In other words, it’s “easy” for a single hominid to gather tiger nuts for 1 or 2 individuals. But it’s much harder to gather other people’s tiger nuts. You need slaves or machinery for that.
Finally, P. Boisei was not just a “snapshot”. P. Boisei was one of the most successful hominid species—its reign lasting millions of years. Though we aren’t descended from them, the same shift in C4 isotopes was simultaneously observed a wide array of hominid species, as shown by multiple studies covered by the National Academic of Sciences announcement last year. So, this isn’t just one snapshot. It’s actually many snapshots showing the same thing over and over again as homo moved into the grassy savannas.
Now, another clarification… P. Boisei is only significant because it had the largest levels of C4 of any hominid—nearly 70%! Combined with its dental morphology and dental calculus, all signs point to high tiger nut consumption.
But, Homo was a bit less (50-55% C4), indicating that our diet was more varied than P. Boisei. If we consider that Homo consumed animal foods, and we know they did (we are omnivores after all), then we can imagine that early humans probably consumed tiger nuts alongside a wide variety of foods. I never said that homo sat around just eating tiger nuts all day.
P. boisei is mostly useful because its diet probably wasn’t very varied (and it did evolve with a very unique jaw musculature…they called it “nutcracker man”).

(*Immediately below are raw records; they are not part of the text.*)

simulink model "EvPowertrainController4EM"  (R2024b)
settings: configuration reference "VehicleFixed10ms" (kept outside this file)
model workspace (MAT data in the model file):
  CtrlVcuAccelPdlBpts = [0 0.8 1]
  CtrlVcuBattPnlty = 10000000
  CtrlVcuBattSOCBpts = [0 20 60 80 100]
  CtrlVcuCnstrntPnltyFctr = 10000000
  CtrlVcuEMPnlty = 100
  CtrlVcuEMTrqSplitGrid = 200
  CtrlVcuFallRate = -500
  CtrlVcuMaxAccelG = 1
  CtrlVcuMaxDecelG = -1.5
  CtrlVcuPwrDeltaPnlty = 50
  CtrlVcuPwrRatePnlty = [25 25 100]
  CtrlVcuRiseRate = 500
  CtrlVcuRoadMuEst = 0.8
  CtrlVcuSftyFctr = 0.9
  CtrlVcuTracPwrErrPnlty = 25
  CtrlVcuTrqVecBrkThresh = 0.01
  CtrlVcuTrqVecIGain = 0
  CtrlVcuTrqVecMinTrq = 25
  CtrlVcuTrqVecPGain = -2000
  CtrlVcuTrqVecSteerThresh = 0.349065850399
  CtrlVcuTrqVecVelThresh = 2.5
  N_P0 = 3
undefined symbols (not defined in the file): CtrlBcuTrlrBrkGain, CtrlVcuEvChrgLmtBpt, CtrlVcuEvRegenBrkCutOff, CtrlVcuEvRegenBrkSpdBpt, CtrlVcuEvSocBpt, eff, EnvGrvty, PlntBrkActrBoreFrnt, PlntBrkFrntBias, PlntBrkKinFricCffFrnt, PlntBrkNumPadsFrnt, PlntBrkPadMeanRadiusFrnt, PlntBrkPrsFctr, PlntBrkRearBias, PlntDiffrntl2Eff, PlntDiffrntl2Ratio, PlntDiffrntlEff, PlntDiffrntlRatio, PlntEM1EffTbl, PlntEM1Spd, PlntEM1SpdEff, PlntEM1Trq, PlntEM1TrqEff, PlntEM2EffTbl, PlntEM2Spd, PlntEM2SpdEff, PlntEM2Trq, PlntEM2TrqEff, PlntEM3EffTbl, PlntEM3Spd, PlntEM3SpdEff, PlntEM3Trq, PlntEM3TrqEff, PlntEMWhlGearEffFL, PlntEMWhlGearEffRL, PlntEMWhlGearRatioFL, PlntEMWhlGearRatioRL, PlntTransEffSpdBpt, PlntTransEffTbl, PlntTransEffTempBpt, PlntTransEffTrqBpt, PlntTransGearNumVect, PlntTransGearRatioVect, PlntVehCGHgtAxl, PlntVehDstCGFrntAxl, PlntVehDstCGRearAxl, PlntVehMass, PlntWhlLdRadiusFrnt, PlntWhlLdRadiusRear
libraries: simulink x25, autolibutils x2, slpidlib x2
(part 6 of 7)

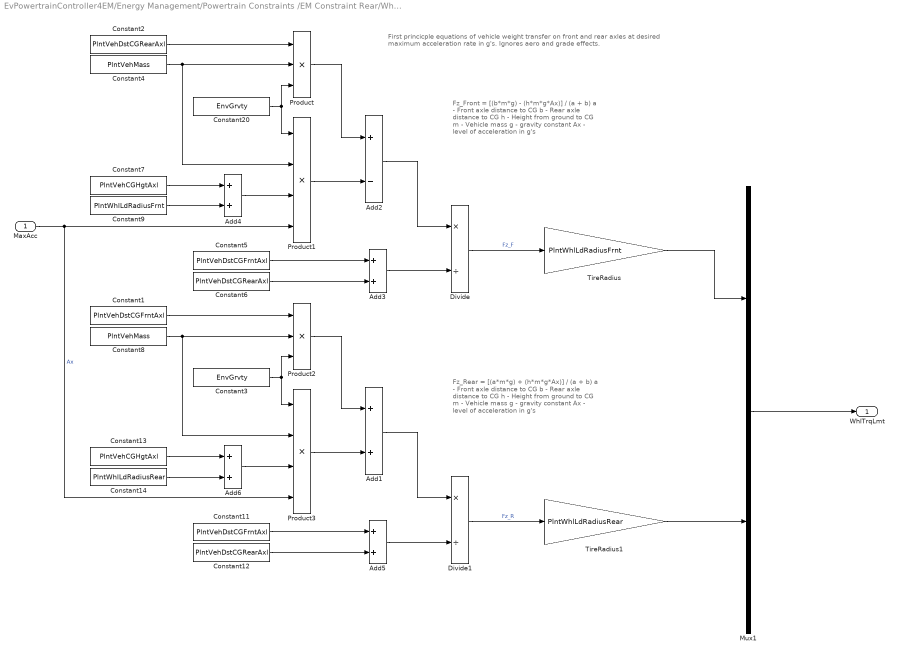
== system EvPowertrainController4EM/Energy Management/Powertrain Constraints /EM Constraint Rear/Wheel Torque Saturation for Max g Rates/Wheel Torque Limit at Max g Rates/Wheel Torque at Max Acceleration Rate ==
  note: Fz_Rear = [(a*m*g) + (h*m*g*Ax)] / (a + b)
      |
      | a - Front axle distance to CG
      | b - Rear axle distance to CG
      | h - Height from ground to CG
      | m - Vehicle mass
      | g - gravity constant
      | Ax - level of acceleration in g's
  note: Fz_Front = [(b*m*g) - (h*m*g*Ax)] / (a + b)
      |
      | a - Front axle distance to CG
      | b - Rear axle distance to CG
      | h - Height from ground to CG
      | m - Vehicle mass
      | g - gravity constant
      | Ax - level of acceleration in g's
  note: First princicple equations of vehicle weight transfer on front
      | and rear axles at desired maximum acceleration rate in g's.
      | Ignores aero and grade effects.
  MaxAcc : Inport
  Add{1,3..6} (5 alike) : Sum
  Add2 : Sum  Inputs=+-
  Constant1 : Constant  Value=PlntVehDstCGFrntAxl  SampleTime=-1
  Constant11 : Constant  Value=PlntVehDstCGFrntAxl  SampleTime=-1
  Constant12 : Constant  Value=PlntVehDstCGRearAxl  SampleTime=-1
  Constant13 : Constant  Value=PlntVehCGHgtAxl  SampleTime=-1
  Constant14 : Constant  Value=PlntWhlLdRadiusRear  SampleTime=-1
  Constant2 : Constant  Value=PlntVehDstCGRearAxl  SampleTime=-1
  Constant20 : Constant  Value=EnvGrvty  SampleTime=-1
  Constant3 : Constant  Value=EnvGrvty  SampleTime=-1
  Constant4 : Constant  Value=PlntVehMass  SampleTime=-1
  Constant5 : Constant  Value=PlntVehDstCGFrntAxl  SampleTime=-1
  Constant6 : Constant  Value=PlntVehDstCGRearAxl  SampleTime=-1
  Constant7 : Constant  Value=PlntVehCGHgtAxl  SampleTime=-1
  Constant8 : Constant  Value=PlntVehMass  SampleTime=-1
  Constant9 : Constant  Value=PlntWhlLdRadiusFrnt  SampleTime=-1
  Divide : Product  Inputs=*/
  Divide1 : Product  Inputs=*/
  Mux1 : Mux  Inputs=2
  Product : Product  Inputs=3
  Product1 : Product  Inputs=4
  Product2 : Product  Inputs=3
  Product3 : Product  Inputs=4
  TireRadius : Gain  Gain=PlntWhlLdRadiusFrnt
  TireRadius1 : Gain  Gain=PlntWhlLdRadiusRear
  WhlTrqLmt : Outport  VectorParamsAs1DForOutWhenUnconnected=off
  wires:
  Divide1/1 -> TireRadius1/1  "Fz_R"
  Product3/1 -> Add1/2
  Product2/1 -> Add1/1
  Constant11/1 -> Add5/1
  Constant8/1 -> Product3/2, Product2/2
  Add5/1 -> Divide1/2
  Add6/1 -> Product3/3
  Constant12/1 -> Add5/2
  Constant1/1 -> Product2/1
  Constant13/1 -> Add6/1
  Constant14/1 -> Add6/2
  Add1/1 -> Divide1/1
  Constant3/1 -> Product3/1, Product2/3
  Constant20/1 -> Product/3, Product1/1
  Mux1/1 -> WhlTrqLmt/1
  Add2/1 -> Divide/1
  Constant9/1 -> Add4/2
  Constant7/1 -> Add4/1
  Constant2/1 -> Product/1
  Constant6/1 -> Add3/2
  Divide/1 -> TireRadius/1  "Fz_F"
  Add4/1 -> Product1/3
  Add3/1 -> Divide/2
  MaxAcc/1 -> Product1/4, Product3/4  "Ax"
  Constant4/1 -> Product/2, Product1/2
  Constant5/1 -> Add3/1
  Product/1 -> Add2/1
  Product1/1 -> Add2/2
  TireRadius/1 -> Mux1/1
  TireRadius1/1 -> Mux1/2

But, as I pointed out in my last comment in that other thread, we still see evidence that our direct ancestors ate starchy sedges as well as Neanderthals and early humans ate them too. But, again, I never said that humans sat around eating tiger nuts all day. They were likely just part of a varied diet.
I think that tiger nuts were used to fill in the nutritional holes in the homo diet and were a reliable source of carbohydrates. Tiger nuts are very rich in magnesium, calcium, potassium, Vitamin E and folate. Not coincidentally, these are the very nutrients that are often lacking from a modern “paleo” diet.
So, while tiger nuts are easy for a foraging primate to pluck right out of the ground and chomp on—dirt and all. I think that tiger nuts are a massive pain in the ass for agriculture. The Egyptians figured out how to cultivate them, and even turn them into flour, but it required a ton of work and skill. Unlike wheat, tiger nuts are by no means easy to harvest in large quantities. The paleo Indians at Mashantucket only used wild / weedy tiger nuts as a supplement to their maize and sorghum, but never figured out how to cultivate them—nor did they care to.